─── Dataset records ───

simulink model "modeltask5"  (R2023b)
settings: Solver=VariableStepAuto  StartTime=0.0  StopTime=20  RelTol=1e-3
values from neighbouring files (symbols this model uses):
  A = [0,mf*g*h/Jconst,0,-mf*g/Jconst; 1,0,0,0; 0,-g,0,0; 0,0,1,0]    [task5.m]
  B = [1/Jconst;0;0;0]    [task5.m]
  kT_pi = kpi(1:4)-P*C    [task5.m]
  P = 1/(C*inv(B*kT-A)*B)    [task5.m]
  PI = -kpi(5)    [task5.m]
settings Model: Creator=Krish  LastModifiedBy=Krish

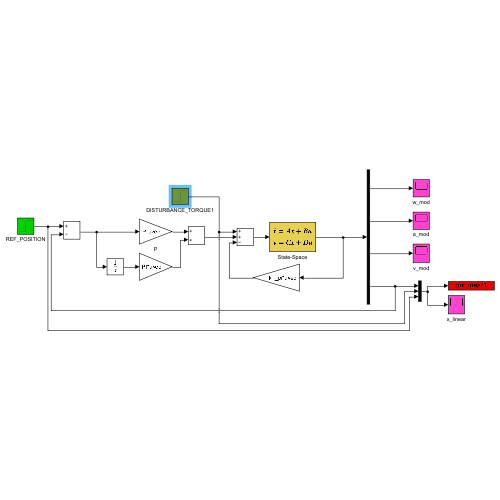
[thumbnail: Simulink's stored preview of the top-level diagram]
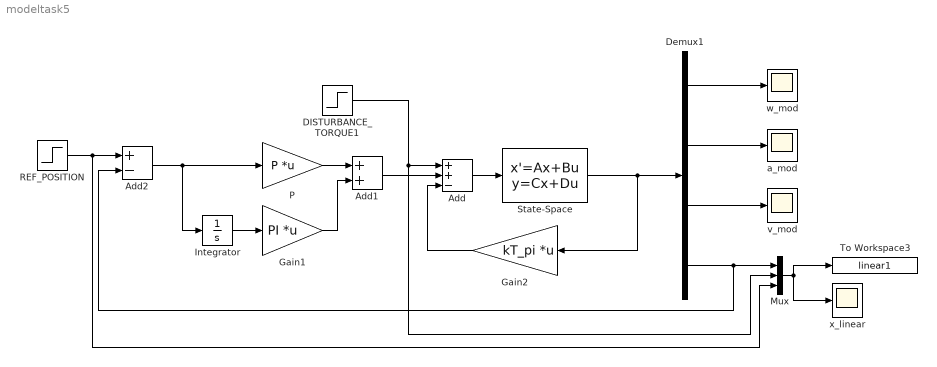
== system modeltask5 ==
  Add : Sum  Inputs=++-
  Add1 : Sum
  Add2 : Sum  Inputs=+-
  DISTURBANCE_TORQUE1 : Step  Time=15  After=0.1  SampleTime=0
  Demux1 : Demux
  Gain1 : Gain  Gain=PI  Multiplication=Matrix(K*u) (u vector)
  Gain2 : Gain  Gain=kT_pi  Multiplication=Matrix(K*u) (u vector)
  Integrator : Integrator
  Mux : Mux  Inputs=3
  P : Gain  Gain=P  Multiplication=Matrix(K*u) (u vector)
  REF_POSITION : Step  SampleTime=0
  State-Space : StateSpace  A=A  B=B  C=eye(4)  D=[0;0;0;0]  InitialCondition=0
  To Workspace3 : ToWorkspace  VariableName=linear1  SaveFormat=Timeseries  SampleTime=-1
  a_mod : Scope
  v_mod : Scope
  w_mod : Scope
  x_linear : Scope
  wires:
  Demux1/3 -> v_mod/1
  Demux1/1 -> w_mod/1
  Demux1/2 -> a_mod/1
  Demux1/4 -> Add2/2, Mux/1
  Mux/1 -> x_linear/1, To Workspace3/1
  State-Space/1 -> Gain2/1, Demux1/1
  Gain2/1 -> Add/3
  Add/1 -> State-Space/1
  DISTURBANCE_TORQUE1/1 -> Mux/2, Add/1
  Add1/1 -> Add/2
  P/1 -> Add1/1
  REF_POSITION/1 -> Mux/3, Add2/1
  Add2/1 -> Integrator/1, P/1
  Integrator/1 -> Gain1/1
  Gain1/1 -> Add1/2

───

Look above for the line holding "Gain2 : Gain", then set down exactly that line and every line after it up to and including the line holding "REF_POSITION : Step", with nothing else.

  Gain2 : Gain  Gain=kT_pi  Multiplication=Matrix(K*u) (u vector)
  Integrator : Integrator
  Mux : Mux  Inputs=3
  P : Gain  Gain=P  Multiplication=Matrix(K*u) (u vector)
  REF_POSITION : Step  SampleTime=0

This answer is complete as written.